Instructions to follow:
From the first line through the line containing "Infil_Zone_0599100000751853: Zone or", transcribe the records exactly and include no other lines.

Data excerpts
[Start of section]

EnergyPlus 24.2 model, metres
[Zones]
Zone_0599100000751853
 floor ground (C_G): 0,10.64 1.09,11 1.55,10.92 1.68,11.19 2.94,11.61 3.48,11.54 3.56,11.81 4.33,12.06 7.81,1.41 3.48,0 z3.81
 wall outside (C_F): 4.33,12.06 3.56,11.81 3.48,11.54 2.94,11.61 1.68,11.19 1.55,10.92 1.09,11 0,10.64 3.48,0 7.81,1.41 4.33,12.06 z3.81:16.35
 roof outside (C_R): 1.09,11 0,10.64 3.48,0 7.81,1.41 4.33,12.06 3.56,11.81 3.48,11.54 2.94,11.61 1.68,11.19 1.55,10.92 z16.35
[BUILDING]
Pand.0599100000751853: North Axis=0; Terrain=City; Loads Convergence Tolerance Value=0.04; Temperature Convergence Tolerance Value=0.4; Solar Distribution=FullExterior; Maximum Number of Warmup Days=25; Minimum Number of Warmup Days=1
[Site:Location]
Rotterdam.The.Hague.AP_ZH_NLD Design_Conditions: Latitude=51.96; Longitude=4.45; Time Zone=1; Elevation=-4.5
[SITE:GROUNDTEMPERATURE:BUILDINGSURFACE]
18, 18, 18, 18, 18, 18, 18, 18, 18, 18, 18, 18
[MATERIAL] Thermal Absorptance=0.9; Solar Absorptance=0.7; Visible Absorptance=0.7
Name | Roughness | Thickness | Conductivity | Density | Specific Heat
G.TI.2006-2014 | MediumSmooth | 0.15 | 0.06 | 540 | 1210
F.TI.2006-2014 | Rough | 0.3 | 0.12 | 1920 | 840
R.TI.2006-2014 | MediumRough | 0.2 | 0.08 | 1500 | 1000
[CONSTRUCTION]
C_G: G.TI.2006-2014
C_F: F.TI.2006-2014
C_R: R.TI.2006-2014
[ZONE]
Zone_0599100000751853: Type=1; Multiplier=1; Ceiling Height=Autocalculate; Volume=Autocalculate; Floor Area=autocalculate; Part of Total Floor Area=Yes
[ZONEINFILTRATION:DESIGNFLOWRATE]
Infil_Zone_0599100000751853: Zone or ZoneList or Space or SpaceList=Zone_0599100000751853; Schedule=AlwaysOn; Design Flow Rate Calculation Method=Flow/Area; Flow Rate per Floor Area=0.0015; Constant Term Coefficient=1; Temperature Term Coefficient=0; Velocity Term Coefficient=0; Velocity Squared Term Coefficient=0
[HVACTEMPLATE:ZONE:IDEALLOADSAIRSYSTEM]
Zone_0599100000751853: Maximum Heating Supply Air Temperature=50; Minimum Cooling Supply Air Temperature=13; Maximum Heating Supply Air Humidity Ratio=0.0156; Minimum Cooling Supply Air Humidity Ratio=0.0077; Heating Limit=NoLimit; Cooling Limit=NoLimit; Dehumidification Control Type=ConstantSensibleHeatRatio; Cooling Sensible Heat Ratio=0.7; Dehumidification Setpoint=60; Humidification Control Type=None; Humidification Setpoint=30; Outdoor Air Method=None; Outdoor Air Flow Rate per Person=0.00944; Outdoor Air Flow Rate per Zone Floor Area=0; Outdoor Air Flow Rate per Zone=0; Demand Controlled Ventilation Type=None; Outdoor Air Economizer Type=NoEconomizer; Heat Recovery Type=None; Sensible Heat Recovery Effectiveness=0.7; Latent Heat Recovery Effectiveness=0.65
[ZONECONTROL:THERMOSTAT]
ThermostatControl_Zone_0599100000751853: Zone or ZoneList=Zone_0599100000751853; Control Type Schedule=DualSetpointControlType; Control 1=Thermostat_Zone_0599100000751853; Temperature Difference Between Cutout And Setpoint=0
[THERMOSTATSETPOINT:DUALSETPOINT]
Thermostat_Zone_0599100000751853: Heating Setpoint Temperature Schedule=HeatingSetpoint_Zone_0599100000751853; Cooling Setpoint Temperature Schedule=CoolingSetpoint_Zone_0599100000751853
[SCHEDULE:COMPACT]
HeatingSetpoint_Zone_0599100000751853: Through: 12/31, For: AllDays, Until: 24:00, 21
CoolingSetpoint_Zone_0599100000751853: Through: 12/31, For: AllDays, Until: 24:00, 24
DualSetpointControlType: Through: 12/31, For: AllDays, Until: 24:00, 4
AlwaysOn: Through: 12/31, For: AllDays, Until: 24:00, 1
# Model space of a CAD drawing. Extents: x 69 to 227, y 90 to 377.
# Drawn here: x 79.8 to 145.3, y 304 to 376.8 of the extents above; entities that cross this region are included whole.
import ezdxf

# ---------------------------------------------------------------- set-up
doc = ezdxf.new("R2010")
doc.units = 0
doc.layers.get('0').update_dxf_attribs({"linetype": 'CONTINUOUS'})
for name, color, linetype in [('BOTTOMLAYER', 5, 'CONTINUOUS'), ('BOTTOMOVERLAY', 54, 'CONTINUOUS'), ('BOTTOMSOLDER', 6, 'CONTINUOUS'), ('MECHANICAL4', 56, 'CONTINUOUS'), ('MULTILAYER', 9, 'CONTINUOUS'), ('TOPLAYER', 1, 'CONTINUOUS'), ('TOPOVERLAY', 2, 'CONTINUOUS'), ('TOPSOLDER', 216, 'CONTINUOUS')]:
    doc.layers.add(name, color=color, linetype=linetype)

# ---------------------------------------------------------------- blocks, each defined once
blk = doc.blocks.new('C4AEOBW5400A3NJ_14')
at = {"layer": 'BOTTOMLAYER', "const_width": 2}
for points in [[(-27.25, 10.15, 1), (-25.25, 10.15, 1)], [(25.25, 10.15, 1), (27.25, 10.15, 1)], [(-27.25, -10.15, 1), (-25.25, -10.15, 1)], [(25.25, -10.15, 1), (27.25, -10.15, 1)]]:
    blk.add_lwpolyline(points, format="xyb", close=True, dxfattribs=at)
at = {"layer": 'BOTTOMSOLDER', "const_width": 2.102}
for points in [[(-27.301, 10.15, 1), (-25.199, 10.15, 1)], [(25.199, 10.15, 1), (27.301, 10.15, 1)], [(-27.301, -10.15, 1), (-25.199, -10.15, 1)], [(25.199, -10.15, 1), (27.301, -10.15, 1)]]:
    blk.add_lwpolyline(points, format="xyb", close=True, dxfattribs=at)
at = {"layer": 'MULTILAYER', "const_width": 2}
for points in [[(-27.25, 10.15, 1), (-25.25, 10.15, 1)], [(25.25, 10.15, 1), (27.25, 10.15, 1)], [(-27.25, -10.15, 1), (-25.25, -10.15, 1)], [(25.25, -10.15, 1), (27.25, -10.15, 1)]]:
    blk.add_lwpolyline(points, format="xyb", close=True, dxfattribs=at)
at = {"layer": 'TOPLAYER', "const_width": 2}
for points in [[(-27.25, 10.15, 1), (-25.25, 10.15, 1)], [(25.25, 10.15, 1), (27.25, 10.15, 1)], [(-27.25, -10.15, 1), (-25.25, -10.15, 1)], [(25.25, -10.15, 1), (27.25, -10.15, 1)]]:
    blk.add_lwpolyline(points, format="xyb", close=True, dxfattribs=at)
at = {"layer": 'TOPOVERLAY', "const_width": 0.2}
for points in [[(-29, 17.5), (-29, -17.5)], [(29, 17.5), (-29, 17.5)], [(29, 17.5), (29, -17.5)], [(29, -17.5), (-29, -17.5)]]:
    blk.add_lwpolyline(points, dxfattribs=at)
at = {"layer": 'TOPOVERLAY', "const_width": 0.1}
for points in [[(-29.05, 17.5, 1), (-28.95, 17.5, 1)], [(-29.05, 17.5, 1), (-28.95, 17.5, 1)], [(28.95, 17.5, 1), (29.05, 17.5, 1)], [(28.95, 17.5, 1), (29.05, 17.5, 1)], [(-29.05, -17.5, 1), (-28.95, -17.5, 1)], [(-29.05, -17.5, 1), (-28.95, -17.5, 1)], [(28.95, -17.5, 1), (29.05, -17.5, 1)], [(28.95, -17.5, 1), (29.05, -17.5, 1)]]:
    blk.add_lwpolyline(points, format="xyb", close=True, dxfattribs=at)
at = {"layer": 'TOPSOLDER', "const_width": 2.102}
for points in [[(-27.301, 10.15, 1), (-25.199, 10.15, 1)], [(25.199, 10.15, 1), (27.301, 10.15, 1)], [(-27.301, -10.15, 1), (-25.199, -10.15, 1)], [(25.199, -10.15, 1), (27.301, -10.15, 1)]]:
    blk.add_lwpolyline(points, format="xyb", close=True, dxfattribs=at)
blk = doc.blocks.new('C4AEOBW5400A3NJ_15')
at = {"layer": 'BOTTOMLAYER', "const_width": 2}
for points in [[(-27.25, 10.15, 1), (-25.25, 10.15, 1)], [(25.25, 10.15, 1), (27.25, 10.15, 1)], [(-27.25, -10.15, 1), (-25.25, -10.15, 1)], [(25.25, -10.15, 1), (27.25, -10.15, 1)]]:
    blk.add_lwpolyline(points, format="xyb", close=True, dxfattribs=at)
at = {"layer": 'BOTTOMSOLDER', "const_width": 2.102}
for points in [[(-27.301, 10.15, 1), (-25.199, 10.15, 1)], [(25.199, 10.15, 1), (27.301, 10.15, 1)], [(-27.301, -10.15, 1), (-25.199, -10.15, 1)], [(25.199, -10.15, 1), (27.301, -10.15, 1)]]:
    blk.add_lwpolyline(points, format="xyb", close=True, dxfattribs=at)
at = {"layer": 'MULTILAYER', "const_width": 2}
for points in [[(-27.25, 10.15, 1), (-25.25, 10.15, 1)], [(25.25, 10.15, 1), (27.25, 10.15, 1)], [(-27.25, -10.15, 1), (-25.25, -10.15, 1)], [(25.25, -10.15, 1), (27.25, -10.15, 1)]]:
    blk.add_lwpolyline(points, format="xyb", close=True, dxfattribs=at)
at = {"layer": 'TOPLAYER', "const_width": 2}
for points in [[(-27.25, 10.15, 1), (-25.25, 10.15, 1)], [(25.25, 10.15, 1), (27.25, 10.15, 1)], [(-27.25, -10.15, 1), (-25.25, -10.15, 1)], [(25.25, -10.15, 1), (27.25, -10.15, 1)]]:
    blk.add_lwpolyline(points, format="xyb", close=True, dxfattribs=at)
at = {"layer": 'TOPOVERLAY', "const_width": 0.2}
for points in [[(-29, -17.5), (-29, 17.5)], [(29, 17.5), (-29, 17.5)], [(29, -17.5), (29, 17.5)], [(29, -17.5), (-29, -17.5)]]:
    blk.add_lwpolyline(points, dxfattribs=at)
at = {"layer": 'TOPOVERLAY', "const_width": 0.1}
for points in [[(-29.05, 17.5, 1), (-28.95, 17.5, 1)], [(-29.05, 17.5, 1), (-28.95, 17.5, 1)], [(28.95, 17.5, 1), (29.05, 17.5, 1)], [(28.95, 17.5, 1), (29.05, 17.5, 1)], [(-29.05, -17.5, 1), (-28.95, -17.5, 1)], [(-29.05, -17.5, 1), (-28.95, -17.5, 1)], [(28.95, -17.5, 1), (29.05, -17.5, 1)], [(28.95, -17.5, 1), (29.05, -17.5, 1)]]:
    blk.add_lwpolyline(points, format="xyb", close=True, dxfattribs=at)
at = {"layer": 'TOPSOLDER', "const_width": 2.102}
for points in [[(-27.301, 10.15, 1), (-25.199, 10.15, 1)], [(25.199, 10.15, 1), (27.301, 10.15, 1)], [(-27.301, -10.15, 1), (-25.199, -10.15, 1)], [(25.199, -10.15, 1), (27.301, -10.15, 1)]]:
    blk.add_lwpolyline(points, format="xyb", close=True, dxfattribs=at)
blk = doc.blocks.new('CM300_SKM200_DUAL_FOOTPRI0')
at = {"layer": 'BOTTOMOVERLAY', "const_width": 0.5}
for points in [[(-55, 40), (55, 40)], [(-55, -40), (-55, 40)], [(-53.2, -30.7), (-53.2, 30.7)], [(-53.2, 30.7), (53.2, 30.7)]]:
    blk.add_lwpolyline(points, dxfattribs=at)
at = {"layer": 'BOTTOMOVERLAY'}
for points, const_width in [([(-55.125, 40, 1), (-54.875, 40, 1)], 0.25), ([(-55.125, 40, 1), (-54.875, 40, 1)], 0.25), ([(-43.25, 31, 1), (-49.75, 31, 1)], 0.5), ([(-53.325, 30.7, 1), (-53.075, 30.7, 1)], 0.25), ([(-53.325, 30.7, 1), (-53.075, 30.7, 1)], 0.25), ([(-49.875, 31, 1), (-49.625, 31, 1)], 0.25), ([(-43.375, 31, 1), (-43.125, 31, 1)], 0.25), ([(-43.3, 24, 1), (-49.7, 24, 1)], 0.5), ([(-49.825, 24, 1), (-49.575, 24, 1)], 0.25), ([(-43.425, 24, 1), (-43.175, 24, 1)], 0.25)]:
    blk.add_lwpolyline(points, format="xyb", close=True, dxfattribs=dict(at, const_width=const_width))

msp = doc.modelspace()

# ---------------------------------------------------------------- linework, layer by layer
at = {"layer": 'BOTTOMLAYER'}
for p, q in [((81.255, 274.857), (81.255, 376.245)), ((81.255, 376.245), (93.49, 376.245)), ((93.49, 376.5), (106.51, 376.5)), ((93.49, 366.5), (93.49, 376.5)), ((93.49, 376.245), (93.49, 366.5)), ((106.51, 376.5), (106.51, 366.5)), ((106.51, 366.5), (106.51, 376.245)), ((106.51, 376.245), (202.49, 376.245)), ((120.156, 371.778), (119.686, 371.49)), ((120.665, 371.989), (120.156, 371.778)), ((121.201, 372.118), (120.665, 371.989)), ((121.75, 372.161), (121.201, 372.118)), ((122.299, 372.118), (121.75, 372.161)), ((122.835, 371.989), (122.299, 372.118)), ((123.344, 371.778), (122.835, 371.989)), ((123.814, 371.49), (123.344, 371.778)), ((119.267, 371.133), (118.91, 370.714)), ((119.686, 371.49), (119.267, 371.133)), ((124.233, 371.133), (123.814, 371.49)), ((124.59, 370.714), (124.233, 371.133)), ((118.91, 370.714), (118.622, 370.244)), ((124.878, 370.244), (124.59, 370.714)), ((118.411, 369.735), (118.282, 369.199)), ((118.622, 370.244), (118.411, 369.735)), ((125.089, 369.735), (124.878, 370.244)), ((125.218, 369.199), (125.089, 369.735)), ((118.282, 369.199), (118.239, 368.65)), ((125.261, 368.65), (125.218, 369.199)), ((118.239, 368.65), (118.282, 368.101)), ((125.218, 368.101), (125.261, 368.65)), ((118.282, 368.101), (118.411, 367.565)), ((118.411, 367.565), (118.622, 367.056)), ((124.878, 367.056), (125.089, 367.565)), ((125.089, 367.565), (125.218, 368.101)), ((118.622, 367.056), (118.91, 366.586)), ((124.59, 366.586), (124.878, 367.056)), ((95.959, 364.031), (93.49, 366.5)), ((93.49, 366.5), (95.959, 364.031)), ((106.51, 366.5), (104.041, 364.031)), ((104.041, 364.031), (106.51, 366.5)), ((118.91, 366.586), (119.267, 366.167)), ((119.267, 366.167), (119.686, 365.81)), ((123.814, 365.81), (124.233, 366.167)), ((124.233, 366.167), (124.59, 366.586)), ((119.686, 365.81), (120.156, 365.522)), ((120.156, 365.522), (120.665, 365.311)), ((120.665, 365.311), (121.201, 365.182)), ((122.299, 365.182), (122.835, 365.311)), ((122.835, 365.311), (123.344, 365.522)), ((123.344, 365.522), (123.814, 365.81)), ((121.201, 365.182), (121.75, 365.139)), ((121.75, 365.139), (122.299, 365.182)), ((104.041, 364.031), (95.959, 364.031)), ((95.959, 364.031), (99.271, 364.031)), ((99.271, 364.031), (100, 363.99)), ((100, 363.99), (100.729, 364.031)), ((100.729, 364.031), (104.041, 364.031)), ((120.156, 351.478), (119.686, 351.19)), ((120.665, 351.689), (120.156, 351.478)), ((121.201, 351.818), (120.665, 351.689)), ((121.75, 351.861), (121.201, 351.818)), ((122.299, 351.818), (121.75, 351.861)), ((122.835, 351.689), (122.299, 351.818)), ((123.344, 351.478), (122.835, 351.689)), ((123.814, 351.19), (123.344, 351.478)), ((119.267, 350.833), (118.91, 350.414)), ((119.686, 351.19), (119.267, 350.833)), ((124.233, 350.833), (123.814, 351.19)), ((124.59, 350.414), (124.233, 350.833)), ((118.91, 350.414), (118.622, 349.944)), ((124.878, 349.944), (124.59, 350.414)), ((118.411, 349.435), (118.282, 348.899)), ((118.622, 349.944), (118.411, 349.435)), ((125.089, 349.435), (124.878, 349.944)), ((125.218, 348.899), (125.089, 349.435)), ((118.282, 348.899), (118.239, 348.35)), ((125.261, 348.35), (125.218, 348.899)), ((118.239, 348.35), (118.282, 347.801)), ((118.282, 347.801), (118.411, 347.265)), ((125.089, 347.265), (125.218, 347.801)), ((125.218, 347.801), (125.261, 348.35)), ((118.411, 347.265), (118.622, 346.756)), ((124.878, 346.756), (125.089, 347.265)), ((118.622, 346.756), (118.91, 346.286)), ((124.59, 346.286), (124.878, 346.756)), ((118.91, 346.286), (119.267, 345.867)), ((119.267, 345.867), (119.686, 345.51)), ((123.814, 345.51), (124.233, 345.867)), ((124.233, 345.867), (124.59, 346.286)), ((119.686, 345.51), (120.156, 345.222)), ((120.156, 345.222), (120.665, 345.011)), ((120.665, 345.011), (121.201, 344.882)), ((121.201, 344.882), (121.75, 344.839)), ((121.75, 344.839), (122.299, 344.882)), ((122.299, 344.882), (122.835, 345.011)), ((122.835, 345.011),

[End of section]

Exercise output:
EnergyPlus 24.2 model, metres
[Zones]
Zone_0599100000751853
 floor ground (C_G): 0,10.64 1.09,11 1.55,10.92 1.68,11.19 2.94,11.61 3.48,11.54 3.56,11.81 4.33,12.06 7.81,1.41 3.48,0 z3.81
 wall outside (C_F): 4.33,12.06 3.56,11.81 3.48,11.54 2.94,11.61 1.68,11.19 1.55,10.92 1.09,11 0,10.64 3.48,0 7.81,1.41 4.33,12.06 z3.81:16.35
 roof outside (C_R): 1.09,11 0,10.64 3.48,0 7.81,1.41 4.33,12.06 3.56,11.81 3.48,11.54 2.94,11.61 1.68,11.19 1.55,10.92 z16.35
[BUILDING]
Pand.0599100000751853: North Axis=0; Terrain=City; Loads Convergence Tolerance Value=0.04; Temperature Convergence Tolerance Value=0.4; Solar Distribution=FullExterior; Maximum Number of Warmup Days=25; Minimum Number of Warmup Days=1
[Site:Location]
Rotterdam.The.Hague.AP_ZH_NLD Design_Conditions: Latitude=51.96; Longitude=4.45; Time Zone=1; Elevation=-4.5
[SITE:GROUNDTEMPERATURE:BUILDINGSURFACE]
18, 18, 18, 18, 18, 18, 18, 18, 18, 18, 18, 18
[MATERIAL] Thermal Absorptance=0.9; Solar Absorptance=0.7; Visible Absorptance=0.7
Name | Roughness | Thickness | Conductivity | Density | Specific Heat
G.TI.2006-2014 | MediumSmooth | 0.15 | 0.06 | 540 | 1210
F.TI.2006-2014 | Rough | 0.3 | 0.12 | 1920 | 840
R.TI.2006-2014 | MediumRough | 0.2 | 0.08 | 1500 | 1000
[CONSTRUCTION]
C_G: G.TI.2006-2014
C_F: F.TI.2006-2014
C_R: R.TI.2006-2014
[ZONE]
Zone_0599100000751853: Type=1; Multiplier=1; Ceiling Height=Autocalculate; Volume=Autocalculate; Floor Area=autocalculate; Part of Total Floor Area=Yes
[ZONEINFILTRATION:DESIGNFLOWRATE]
Infil_Zone_0599100000751853: Zone or ZoneList or Space or SpaceList=Zone_0599100000751853; Schedule=AlwaysOn; Design Flow Rate Calculation Method=Flow/Area; Flow Rate per Floor Area=0.0015; Constant Term Coefficient=1; Temperature Term Coefficient=0; Velocity Term Coefficient=0; Velocity Squared Term Coefficient=0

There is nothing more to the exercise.